The most visible change is not in the numbers, but in the attitude of the developers. Where previously a central test team and a classic divide passed between development and testing, the recent switch of the version control system to Git came at the request of the developers themselves. Their condition was: If continuous integration and the tests work, you are welcome to roll it out.

On the customer side, the change is reflected in the decreasing number of tickets. As a platform supplier, we receive feedback that the platform is easier to integrate and that each new version requires less customization. The number of error reports is measurably decreasing, while the platform is demonstrably still being used.

Why the zero-defect policy failed and bug jail worked

Not every experiment worked. A zero-defect policy, which stipulated that everything else had to be abandoned immediately in the event of a defect, was not well received by the teams. Marco Achtziger would never introduce it again.

The next iteration reversed the principle. Under the name Bug Jail, the teams were allowed to decide for themselves how many defects they would allow before stopping development. More conservative teams specified a maximum of two, others five. Despite this heterogeneity, the approach worked much better.

The difference lay in the autonomy. As soon as the teams thought about the threshold themselves, they took care of incoming defects earlier. The lesson from this can be applied to any change: state the goal and the problem, but leave the way to get there to the team.

Where the next lever lies: Optimize test execution

The current bottleneck is the sheer volume of test execution. A meaningful metric for this is the test execution time per real month. Ideally, this value would be one, a machine that runs all tests around the clock. In reality, the value approaches the mathematical maximum of machine capacity because many tests are prescribed in a regulated area.

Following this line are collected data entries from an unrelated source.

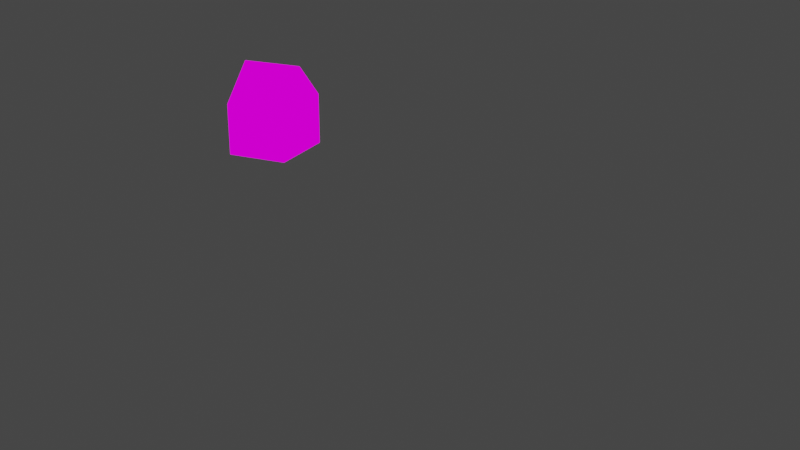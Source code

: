 # Source: house5.blend  (saved by Blender 3.6.13; exported with 4.5.12 LTS)
import bpy
from mathutils import Matrix  # noqa: F401  (used for matrix-valued properties, if any)

bpy.ops.wm.read_factory_settings(use_empty=True)
scene = bpy.context.scene
scene.name = 'Scene'

# ---- collections
col_collection = bpy.data.collections.new('Collection'); scene.collection.children.link(col_collection)

# ---- images (referenced by path relative to the original .blend; pixels are not part of the script)
import os
ASSET_DIR = os.environ.get("B2B_ASSET_DIR", "")  # directory of the original .blend (textures are referenced by path, not embedded)
HERE = os.path.dirname(os.path.abspath(__file__))  # packed textures are extracted next to this script under _unpacked/

def load_image(name, relpath, width, height, colorspace="sRGB"):
    """Load a texture the original file referenced (path relative to the .blend, or extracted next to this script)."""
    p = next((c for c in (os.path.join(HERE, relpath), os.path.join(ASSET_DIR, relpath)) if relpath and os.path.exists(c)), "")
    if p:
        img = bpy.data.images.load(p, check_existing=True)
        img.name = name
    else:  # same state as the original file: an image datablock whose file is absent (Cycles renders it pink)
        img = bpy.data.images.new(name, width, height)
        img.source = "FILE"
        img.filepath = "//" + (relpath or name)
    img.colorspace_settings.name = colorspace
    return img
img_z_forest5_png_001 = load_image('z_forest5.png.001', 'z_forest5.png', 1024, 1024, 'sRGB')

# ---- materials (node trees are filled in below, after node groups)
mat_z_forest5 = bpy.data.materials.new('z_forest5')
mat_z_forest5.alpha_threshold = 0.0
mat_z_forest5.use_transparent_shadow = False
mat_z_forest5.diffuse_color = (1.0, 1.0, 1.0, 1.0)
mat_z_forest5.line_color = (0.0, 0.0, 0.0, 1.0)

# ---- material node trees
mat_z_forest5.use_nodes = True; mat_z_forest5.node_tree.nodes.clear()
_N = mat_z_forest5.node_tree.nodes; _L = mat_z_forest5.node_tree.links
n0 = _N.new('ShaderNodeOutputMaterial'); n0.name = 'Material Output'; n0.location = (400, 0)
n1 = _N.new('ShaderNodeLightPath'); n1.name = 'Light Path'; n1.location = (0, 250)
n2 = _N.new('ShaderNodeBsdfTransparent'); n2.name = 'Transparent BSDF'; n2.location = (-200, -100)
n3 = _N.new('ShaderNodeEmission'); n3.name = 'Emission'; n3.location = (-200, -200)
n4 = _N.new('ShaderNodeMixShader'); n4.name = 'Mix Shader'; n4.location = (200, 0)
n5 = _N.new('ShaderNodeMixShader'); n5.name = 'Mix Shader.001'; n5.location = (0, -100)
n6 = _N.new('ShaderNodeTexImage'); n6.name = 'Image Texture'; n6.location = (-500, 100)
n6.image = img_z_forest5_png_001
n6.interpolation = 'Closest'
_L.new(n6.outputs[0], n3.inputs[0])
_L.new(n6.outputs[1], n5.inputs[0])
_L.new(n2.outputs[0], n5.inputs[1])
_L.new(n2.outputs[0], n4.inputs[1])
_L.new(n3.outputs[0], n5.inputs[2])
_L.new(n5.outputs[0], n4.inputs[2])
_L.new(n1.outputs[0], n4.inputs[0])
_L.new(n4.outputs[0], n0.inputs[0])
n0.is_active_output = True

# ---- world
world_world = bpy.data.worlds.new('World'); scene.world = world_world
world_world.use_nodes = True; world_world.node_tree.nodes.clear()
_N = world_world.node_tree.nodes; _L = world_world.node_tree.links
n0 = _N.new('ShaderNodeOutputWorld'); n0.name = 'World Output'; n0.location = (300, 300)
n1 = _N.new('ShaderNodeBackground'); n1.name = 'Background'; n1.location = (10, 300)
n1.inputs[0].default_value = (0.05088, 0.05088, 0.05088, 1.0)
_L.new(n1.outputs[0], n0.inputs[0])
n0.is_active_output = True
world_world.color = (0.05088, 0.05088, 0.05088)
world_world.use_sun_shadow = False
world_world.sun_shadow_jitter_overblur = 0.0

# ---- cameras
cam_camera = bpy.data.cameras.new('Camera')

# ---- meshes
me_cube_008 = bpy.data.meshes.new('Cube.008')
me_cube_008.from_pydata([(-2.0, -3.0, 3.0), (4.0, -3.0, 3.0), (-3.0, -3.0, 4.0), (-3.0, 3.0, 0.0), (4.0, 0.0, 3.0), (-3.0, 1.0, 1.0), (4.0, 0.0, 1.0), (4.0, -3.0, 2.0), (4.0, -1.0, 2.0), (4.0, 0.0, 2.0), (4.0, -3.0, 0.0), (4.0, -2.0, 0.0), (0.0, 3.0, 3.0), (3.0, 3.0, 3.0), (-2.0, 3.0, 3.0), (4.0, 1.0, 0.0), (-2.0, 3.0, 0.0), (1.0, 3.0, 5.0), (-1.0, -3.0, 3.0), (1.0, -3.0, 3.0), (4.0, -2.0, 2.0), (-1.0, -3.0, 0.0), (-3.0, -2.0, 0.0), (-3.0, -3.0, 1.0), (-3.0, 0.0, -1.0), (3.0, -3.0, -1.0), (-3.0, -3.0, 3.0), (-2.0, -3.0, 1.0), (2.0, -3.0, 3.0), (-3.0, -2.0, -1.0), (2.0, -3.0, 2.0), (1.0, -3.0, 2.0), (3.0, -3.0, 3.0), (-3.0, 3.0, 3.0), (0.0, -3.0, 3.0), (0.0, -3.0, 6.0), (-3.0, -2.0, 1.0), (-3.0, -3.0, 2.0), (-1.0, -3.0, 6.0), (3.0, -3.0, 1.0), (1.0, -3.0, 4.0), (1.0, -3.0, 6.0), (-2.0, -3.0, 2.0), (-1.0, -3.0, 1.0), (-1.0, -1.0, 6.0), (-2.0, -3.0, 4.0), (-3.0, -1.0, 3.0), (-2.0, -3.0, 0.0), (-3.0, 0.0, 3.0), (-3.0, -1.0, -1.0), (-3.0, 0.0, 1.0), (0.0, -3.0, 1.0), (3.0, -3.0, 2.0), (0.0, -3.0, 2.0), (-1.0, -3.0, 2.0), (-3.0, -2.0, 3.0), (-3.0, -2.0, 2.0), (-3.0, -2.0, 4.0), (-3.0, 1.0, -1.0), (-3.0, -1.0, 4.0), (-3.0, 1.0, 4.0), (-3.0, 2.0, 2.0), (-3.0, -1.0, 1.0), (-3.0, 2.0, -1.0), (-3.0, -1.0, 2.0), (-3.0, 1.0, 2.0), (0.0, 3.0, 1.0), (-3.0, 0.0, 2.0), (-3.0, 2.0, 1.0), (-3.0, 2.0, 3.0), (4.0, -2.0, 3.0), (-3.0, 1.0, 3.0), (0.0, 3.0, -1.0), (4.0, 3.0, 0.0), (1.0, 3.0, 1.0), (-3.0, 3.0, 1.0), (1.0, 3.0, 3.0), (4.0, -1.0, 3.0), (4.0, 2.0, 3.0), (4.0, 1.0, 3.0), (-3.0, 3.0, 2.0), (4.0, 0.0, 4.0), (0.0, 3.0, 5.0), (4.0, 1.0, 4.0), (4.0, 1.0, -1.0), (4.0, 2.0, 4.0), (4.0, -3.0, 1.0), (4.0, 2.0, 0.0), (4.0, 2.0, 2.0), (-2.0, 3.0, -1.0), (4.0, -1.0, 1.0), (4.0, -2.0, 1.0), (4.0, 0.0, 0.0), (4.0, -3.0, -1.0), (4.0, 3.0, 3.0), (4.0, 2.0, 1.0), (4.0, 1.0, 1.0), (4.0, 1.0, 2.0), (4.0, 3.0, 4.0), (4.0, 3.0, 1.0), (1.0, 3.0, 4.0), (0.0, 3.0, 0.0), (4.0, 3.0, -1.0), (2.0, 3.0, -1.0), (2.0, 3.0, 1.0), (1.0, 3.0, 2.0), (4.0, 3.0, 2.0), (2.0, 3.0, 3.0), (-2.0, 3.0, 2.0), (3.0, 3.0, 1.0), (2.0, 3.0, 2.0), (3.0, 3.0, 2.0), (0.0, 3.0, 2.0), (-1.0, 3.0, 3.0), (-1.0, -2.0, 6.0), (-1.0, 3.0, 2.0), (-2.0, 0.0, 5.0), (-2.0, 3.0, 4.0), (0.0, -3.0, 7.0), (0.0, 1.0, 7.0), (0.0, 2.0, 7.0), (-1.0, 3.0, 4.0), (-2.0, -2.0, 5.0), (3.0, 3.0, 4.0), (0.0, 3.0, 4.0), (-1.0, 3.0, 5.0), (3.0, 3.0, 5.0), (0.5, 3.0, 7.5), (-1.0, 3.0, 6.0), (2.0, 3.0, 4.0), (2.0, 3.0, 5.0), (1.0, 3.0, 6.0), (0.0, 3.0, 6.0), (2.0, -3.0, 6.0), (-2.0, 1.0, 6.0), (-2.0, -3.0, 5.0), (2.0, 2.0, 6.0), (1.0, -3.0, 7.0), (1.0, -1.0, 7.0), (1.0, 1.0, 7.0), (3.0, -3.0, 4.0), (-2.0, 3.0, 5.0), (0.0, -3.0, 5.0), (2.0, -3.0, 5.0), (-2.0, 2.0, 6.0), (3.0, -3.0, 5.0), (0.0, -3.0, 4.0), (2.0, -3.0, 4.0), (0.5, -3.0, 7.5), (-1.0, -3.0, 4.0), (1.0, -3.0, 5.0), (-1.0, -3.0, 5.0), (-1.0, 0.0, 6.0), (-3.0, 2.0, 4.0), (-3.0, 0.0, 4.0), (-2.0, -1.0, 5.0), (2.0, 3.0, 6.0), (-3.0, 3.0, 4.0), (3.0, -1.0, 5.0), (2.0, -1.0, 6.0), (2.0, -2.0, 6.0), (1.0, 0.0, 7.0), (1.0, -2.0, 7.0), (0.0, -1.0, 7.0), (3.0, -2.0, 5.0), (2.0, 0.0, 6.0), (2.0, 1.0, 6.0), (3.0, 1.0, 5.0), (4.0, -1.0, 4.0), (3.0, 2.0, 5.0), (4.0, -2.0, 4.0), (3.0, 0.0, 5.0), (4.0, -3.0, 4.0), (0.0, 0.0, 7.0), (0.5, 2.0, 7.5), (0.5, -1.0, 7.5), (1.0, 2.0, 7.0), (1.0, 3.0, 7.0), (0.0, 3.0, 7.0), (0.0, -2.0, 7.0), (0.5, 1.0, 7.5), (0.5, 0.0, 7.5), (0.5, -3.0, 7.5), (0.5, 3.0, 7.5), (0.5, -2.0, 7.5), (0.0, -3.004, 2.0), (1.0, -3.004, 2.0), (1.0, -3.004, 3.0), (0.0, -3.004, 3.0), (3.0, -3.004, 2.0), (2.0, -3.004, 2.0), (0.0, -3.005, 3.0), (-2.0, -3.005, 2.0), (3.0, -3.004, 3.0), (2.0, -3.004, 3.0), (3.0, -3.005, 3.0), (-2.0, -3.005, 3.0), (-1.0, -3.005, 2.0), (0.0, -3.005, 2.0), (1.0, -3.005, 3.0), (-1.0, -3.005, 3.0), (-1.0, -3.005, 4.0), (-2.0, -3.005, 4.0), (0.0, -3.005, 4.0), (1.0, -3.005, 2.0), (-1.0, 1.0, 5.0), (2.0, -3.005, 2.0), (3.0, -3.005, 2.0), (-1.0, 2.0, 7.0), (2.0, -3.005, 3.0), (2.0, -3.005, 4.0), (1.0, -3.005, 4.0), (3.0, -3.005, 4.0), (-2.0, 1.0, 5.0), (-1.0, 1.0, 7.0), (-2.0, 1.0, 7.0), (-1.0, 2.0, 5.0), (-2.0, 2.0, 5.0), (-1.0, 1.0, 6.0), (-1.0, 2.0, 6.0), (-2.0, 2.0, 7.0), (3.0, 3.005, 2.0), (2.0, 3.005, 3.0), (1.0, 3.005, 3.0), (3.0, 3.005, 3.0), (2.0, 3.005, 4.0), (3.0, 3.005, 4.0), (1.0, 3.005, 4.0), (0.0, 3.004, 2.0), (-1.0, 3.005, 3.0), (-1.0, 3.005, 2.0), (-2.0, 3.005, 2.0), (-2.0, 3.005, 3.0), (0.0, 3.005, 3.0), (0.0, 3.005, 4.0), (-2.0, 3.005, 4.0), (-1.0, 3.005, 4.0), (1.0, 3.004, 2.0), (2.0, 3.004, 2.0), (1.0, 3.005, 0.0), (-3.0, 3.004, 2.0), (-1.0, 3.004, 3.0), (0.0, 3.004, 3.0), (-1.0, 3.004, 2.0), (-2.0, 3.004, 2.0), (-2.0, 3.004, 3.0), (1.0, 3.005, 1.0), (-3.0, 3.004, 3.0), (2.0, 3.005, 0.0), (2.0, 3.005, 1.0), (-4.029, 1.134, 0.0), (0.0, 3.005, 0.0), (0.0, 3.005, 1.0), (-3.146, 0.02822, 0.0), (-4.14, 0.1398, 0.0), (2.0, 3.005, 2.0), (0.0, 3.005, 2.0), (1.0, 3.005, 2.0), (-3.035, 1.022, 0.5), (-3.146, 0.02822, 0.5), (-3.035, 1.022, 0.0), (-4.14, 0.1398, 0.1862), (-3.828, 0.1048, 0.5), (-4.029, 1.134, 0.1862), (-3.717, 1.099, 0.5), (-3.567, -1.002, -0.125), (-3.079, -0.9017, 0.8593), (-3.185, 0.1951, 0.8009), (-3.674, 0.0951, -0.1834), (-2.941, -1.159, -0.07658), (-2.778, -0.9586, 0.5164), (-3.294, -0.5679, 0.5266), (-3.457, -0.7687, -0.0664), (-2.89, -0.5822, -0.1118), (-2.849, -0.1424, 0.8819), (-3.932, -0.04879, 0.8853), (-3.973, -0.4886, -0.1084), (-3.06, -0.3591, 1.046), (-2.924, -0.5257, 1.656), (-3.08, 0.07058, 1.854), (-3.216, 0.2372, 1.243), (-3.058, -0.6511, 1.886), (-2.895, -0.164, 2.468), (-3.082, 0.4382, 2.015), (-3.245, -0.04886, 1.434), (-3.061, -0.3273, 2.066), (-2.928, -0.2298, 2.675), (-3.08, 0.3791, 2.61), (-3.212, 0.2816, 2.001), (-3.064, 0.2367, 2.259), (-2.979, -0.01922, 2.563), (-3.076, 0.2687, 2.833), (-3.162, 0.5246, 2.529), (-3.064, 0.2357, 2.95), (-2.973, -0.03584, 3.273), (-3.077, 0.2697, 3.559), (-3.167, 0.5412, 3.237), (-3.208, 0.6118, 3.399), (-2.895, 0.1218, 3.06), (-2.932, -0.2766, 3.602), (-3.246, 0.2135, 3.941), (-3.058, 0.6364, 4.384), (-2.884, 1.133, 3.749), (-3.083, 0.5305, 3.223), (-3.256, 0.03351, 3.857), (-3.424, 0.3743, 3.851), (-3.056, -0.09494, 3.538), (-2.622, -0.09753, 4.053), (-2.99, 0.3717, 4.366), (-3.169, 0.5678, 3.052), (-3.111, 0.3955, 3.256), (-3.046, 0.2017, 3.075), (-3.103, 0.374, 2.87), (-2.62, 0.4271, 4.817), (-2.831, 1.091, 4.376), (-3.181, 0.6043, 3.81), (-2.97, -0.05978, 4.251), (-2.657, 0.5371, 4.718), (-2.909, 0.3665, 4.327), (-2.711, -0.08289, 4.395), (-2.459, 0.08765, 4.787), (-2.158, 0.7119, 5.217), (-2.372, 0.9861, 4.864), (-2.49, 0.5736, 4.616), (-2.276, 0.2994, 4.969), (-1.866, 0.2472, 5.611), (-1.703, 1.1, 5.53), (-2.194, 1.126, 4.81), (-2.358, 0.2731, 4.891), (-1.688, -0.1036, 5.464), (-1.85, 0.7305, 5.66), (-2.362, 0.7962, 4.957), (-2.201, -0.03789, 4.761), (-1.403, 0.7103, 5.583), (-1.745, 0.9846, 5.351), (-1.956, 0.5721, 5.175), (-1.614, 0.2979, 5.407), (-1.351, 0.9508, 6.118), (-2.079, 1.014, 5.948), (-1.911, 0.9968, 5.218), (-1.183, 0.9335, 5.387), (-1.805, 1.631, 5.117), (-2.178, 0.7975, 4.951), (-1.613, 0.4191, 5.582), (-1.24, 1.252, 5.748), (0.872, -3.0, 2.0), (0.872, -3.0, 1.0), (0.872, -3.0, 0.0), (2.132, -3.0, 2.0), (2.132, -3.0, 1.0), (2.132, -3.0, 0.0), (1.0, -2.5, 0.0), (1.0, -2.5, 1.0), (2.0, -2.5, 0.0), (2.0, -2.5, 1.0), (2.132, -2.5, 1.0), (0.872, -2.5, 0.0), (2.0, -2.5, 2.0), (1.0, -2.5, 2.0), (0.872, -2.5, 2.0), (0.872, -2.5, 1.0), (2.132, -2.5, 2.0), (2.132, -2.5, 0.0), (-0.8711, 3.0, 0.0), (-0.8711, 3.0, 1.0), (-0.8711, 3.0, 2.0), (-2.129, 3.0, 1.0), (-2.129, 3.0, 2.0), (-2.129, 3.0, 0.0), (-2.0, 2.5, 2.0), (-2.0, 2.5, 1.0), (-2.0, 2.5, 0.0), (-1.0, 2.5, 0.0), (-1.0, 2.5, 1.0), (-2.129, 2.5, 0.0), (-1.0, 2.5, 2.0), (-0.8711, 2.5, 0.0), (-0.8711, 2.5, 1.0), (-0.8711, 2.5, 2.0), (-2.129, 2.5, 1.0), (-2.129, 2.5, 2.0), (3.0, 3.0, -1.0), (-3.0, -3.0, -1.0), (2.0, -3.0, -1.0), (-3.0, -3.0, 0.0), (0.0, -3.0, -1.0), (1.0, -3.0, -1.0), (-1.0, -3.0, -1.0), (0.0, -3.0, 0.0), (1.0, -3.0, 0.0), (2.0, -3.0, 0.0), (3.0, -3.0, 0.0), (-3.0, 3.0, -1.0), (-3.0, -1.0, 0.0), (-3.0, 0.0, 0.0), (-3.0, 1.0, 0.0), (-3.0, 2.0, 0.0), (-2.0, -3.0, -1.0), (4.0, 0.0, -1.0), (2.0, 3.0, 0.0), (3.0, 3.0, 0.0), (1.0, 3.0, -1.0), (1.0, 3.0, 0.0), (-1.0, 3.0, -1.0), (-1.0, 3.0, 0.0), (4.0, 2.0, -1.0), (4.0, -2.0, -1.0), (4.0, -1.0, -1.0), (4.0, -1.0, 0.0)], [], [(384, 47, 27, 23), (47, 21, 43, 27), (21, 388, 51, 43), (388, 347, 346, 51), (31, 345, 359, 358), (346, 347, 356, 360), (391, 10, 86, 39), (39, 86, 7, 52), (52, 7, 1, 32), (32, 1, 172, 140), (28, 32, 140, 147), (19, 28, 147, 40), (34, 19, 40, 146), (18, 34, 146, 149), (0, 18, 149, 45), (26, 0, 45, 2), (37, 42, 0, 26), (23, 27, 42, 37), (27, 43, 54, 42), (43, 51, 53, 54), (51, 346, 345, 53), (389, 390, 353, 351), (350, 349, 355, 362), (30, 348, 52, 32, 28), (31, 30, 28, 19), (53, 345, 31, 19, 34), (54, 53, 34, 18), (42, 54, 18, 0), (22, 384, 23, 36), (36, 23, 37, 56), (56, 37, 26, 55), (55, 26, 2, 57), (46, 55, 57, 59), (48, 46, 59, 154), (64, 56, 55, 46), (67, 64, 46, 48), (62, 36, 56, 64), (50, 62, 64, 67), (393, 22, 36, 62), (394, 393, 62, 50), (395, 394, 50, 5), (396, 395, 5, 68), (5, 50, 67, 65), (68, 5, 65, 61), (65, 67, 48, 71), (61, 65, 71, 69), (71, 48, 154, 60), (69, 71, 60, 153), (3, 396, 68, 75), (75, 68, 61, 80), (80, 61, 69, 33), (33, 69, 153, 157), (1, 70, 170, 172), (70, 77, 168, 170), (77, 4, 81, 168), (4, 79, 83, 81), (79, 78, 85, 83), (78, 94, 98, 85), (88, 106, 94, 78), (95, 99, 106, 88), (87, 73, 99, 95), (10, 11, 91, 86), (11, 408, 90, 91), (408, 92, 6, 90), (92, 15, 96, 6), (15, 87, 95, 96), (91, 90, 8, 20), (90, 6, 9, 8), (6, 96, 97, 9), (96, 95, 88, 97), (20, 8, 77, 70), (8, 9, 4, 77), (9, 97, 79, 4), (97, 88, 78, 79), (7, 20, 70, 1), (86, 91, 20, 7), (14, 33, 157, 117), (94, 13, 123, 98), (73, 400, 109, 99), (108, 115, 375, 369), (364, 363, 376, 377), (101, 363, 364, 66), (402, 101, 66, 74), (399, 402, 74, 104), (400, 399, 104, 109), (99, 109, 111, 106), (106, 111, 13, 94), (108, 367, 80, 33, 14), (363, 404, 372, 376), (404, 16, 371, 372), (66, 364, 365, 112), (74, 66, 112, 105), (104, 74, 105, 110), (109, 104, 110, 111), (111, 110, 107, 13), (110, 105, 76, 107), (105, 112, 12, 76), (112, 365, 115, 113, 12), (12, 113, 121, 124), (113, 14, 117, 121), (115, 108, 14, 113), (76, 12, 124, 100), (107, 76, 100, 129), (13, 107, 129, 123), (140, 172, 145), (141, 217, 219, 128), (98, 123, 126), (117, 157, 141), (121, 117, 141, 125), (123, 129, 130, 126), (125, 141, 128), (126, 130, 156), (124, 121, 125, 82), (100, 124, 82, 17), (129, 100, 17, 130), (82, 125, 128, 132), (130, 17, 131, 156), (17, 82, 132, 131), (152, 44, 163, 173), (131, 132, 178, 177), (132, 128, 178), (177, 178, 127), (41, 133, 137), (38, 35, 118), (35, 41, 137, 118), (177, 156, 131), (147, 140, 145, 143), (45, 149, 151, 135), (135, 151, 38), (143, 145, 133), (40, 147, 143, 150), (149, 146, 142, 151), (142, 150, 41, 35), (150, 143, 133, 41), (151, 142, 35, 38), (128, 219, 120, 178), (219, 218, 119, 120), (114, 38, 118, 179), (44, 114, 179, 163), (135, 2, 45), (218, 152, 173, 119), (137, 148, 118), (217, 213, 218, 219), (213, 116, 152, 218), (116, 155, 44, 152), (155, 122, 114, 44), (122, 135, 38, 114), (57, 2, 135, 122), (59, 57, 122, 155), (154, 59, 155, 116), (60, 154, 116, 213), (153, 60, 213, 217), (157, 153, 217, 141), (136, 156, 177, 176), (166, 136, 176, 139), (165, 166, 139, 161), (159, 165, 161, 138), (160, 159, 138, 162), (133, 160, 162, 137), (145, 164, 160, 133), (164, 158, 159, 160), (158, 171, 165, 159), (171, 167, 166, 165), (167, 169, 136, 166), (169, 126, 156, 136), (85, 98, 126, 169), (83, 85, 169, 167), (81, 83, 167, 171), (168, 81, 171, 158), (170, 168, 158, 164), (172, 170, 164, 145), (118, 182, 184, 179), (175, 138, 161, 181), (181, 161, 139, 180), (180, 139, 176, 174), (174, 176, 177, 183), (184, 162, 138, 175), (182, 137, 162, 184), (179, 184, 175, 163), (120, 174, 183, 178), (119, 180, 174, 120), (173, 181, 180, 119), (163, 175, 181, 173), (146, 40, 150, 142), (185, 186, 187, 188), (186, 190, 194, 187), (190, 189, 193, 194), (192, 197, 200, 196), (197, 198, 191, 200), (196, 200, 201, 202), (200, 191, 203, 201), (204, 206, 209, 199), (206, 207, 195, 209), (199, 209, 210, 211), (209, 195, 212, 210), (217, 213, 134, 144), (144, 134, 215, 220), (213, 205, 218, 134), (134, 218, 214, 215), (216, 217, 144, 219), (219, 144, 220, 208), (218, 219, 208, 214), (220, 215, 214, 208), (221, 238, 222, 224), (238, 237, 223, 222), (224, 222, 225, 226), (222, 223, 227, 225), (228, 230, 229, 233), (230, 231, 232, 229), (233, 229, 236, 234), (229, 232, 235, 236), (228, 243, 241, 242), (243, 244, 245, 241), (244, 240, 247, 245), (248, 239, 246, 249), (239, 251, 252, 246), (249, 246, 257, 255), (246, 252, 256, 257), (262, 264, 263, 261), (254, 253, 259, 262, 261), (250, 263, 264, 258, 260), (261, 263, 250, 254), (253, 260, 258, 259), (254, 250, 260, 253), (259, 258, 264, 262), (265, 268, 267, 266), (269, 270, 271, 272), (273, 276, 275, 274), (277, 280, 279, 278), (281, 282, 283, 284), (285, 288, 287, 286), (289, 290, 291, 292), (293, 294, 295, 296), (297, 300, 299, 298), (301, 304, 303, 302), (305, 308, 307, 306), (312, 309, 310, 311), (313, 314, 315, 316), (317, 318, 319, 320), (321, 322, 323, 324), (325, 328, 327, 326), (329, 332, 331, 330), (333, 336, 335, 334), (337, 338, 339, 340), (341, 342, 343, 344), (351, 353, 354, 352), (30, 31, 358, 357), (348, 30, 357, 361), (348, 349, 39, 52), (349, 350, 391, 39), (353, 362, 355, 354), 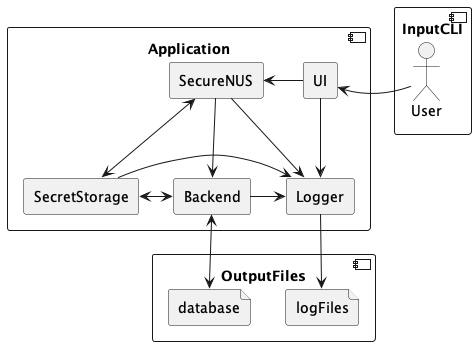

The diagram above was rendered by PlantUML. Its source (embedded in the PNG):
@startuml
!include Style.puml

component Application {

    rectangle SecureNUS
    rectangle UI
    rectangle Backend
    rectangle SecretStorage
    rectangle Logger 
    SecureNUS <- UI
    SecureNUS <--> SecretStorage
    SecretStorage <-> Backend
    SecureNUS -> Backend
}
component InputCLI {
    actor User
}
InputCLI.User -left-> UI

component OutputFiles {
    file logFiles
    file database
}

UI -> Logger
SecureNUS -> Logger
SecretStorage -> Logger
Backend -> Logger
Logger --> logFiles
Backend <-down-> database

@enduml

The solution is a machine learning system that predicts the tests that are most likely to fail for a given source code change. This could speed up a gated check-in, for example: The run can abort at the first failing test or at a set threshold of failing tests. This reduces the number of machines required to an acceptable level.

Where you should start: value stream mapping

Every changeover is preceded by a value stream analysis from the lean environment. Before you change anything, write down the figures and see where your time is actually being lost. Experience shows: What you think is the problem at the beginning is almost never the actual problem.

It is often trivialities, such as waiting for another team, that eat up most of your time. If you have the value stream in front of you, you first address the biggest time waster that can actually be influenced.

Plan for patience and iterate. If you do things more often and faster, you will change the problem situation itself, and after a while it is worth taking another look at the old problem list. Some steps even become slower at first. Trunk-based development requires the individual developer to think more, for example about backwards compatibility.

Therefore, always consider the entire chain, not the individual steps. Just because a sub-step becomes slower for a short time does not mean that the entire chain becomes slower. On the contrary, it speeds up.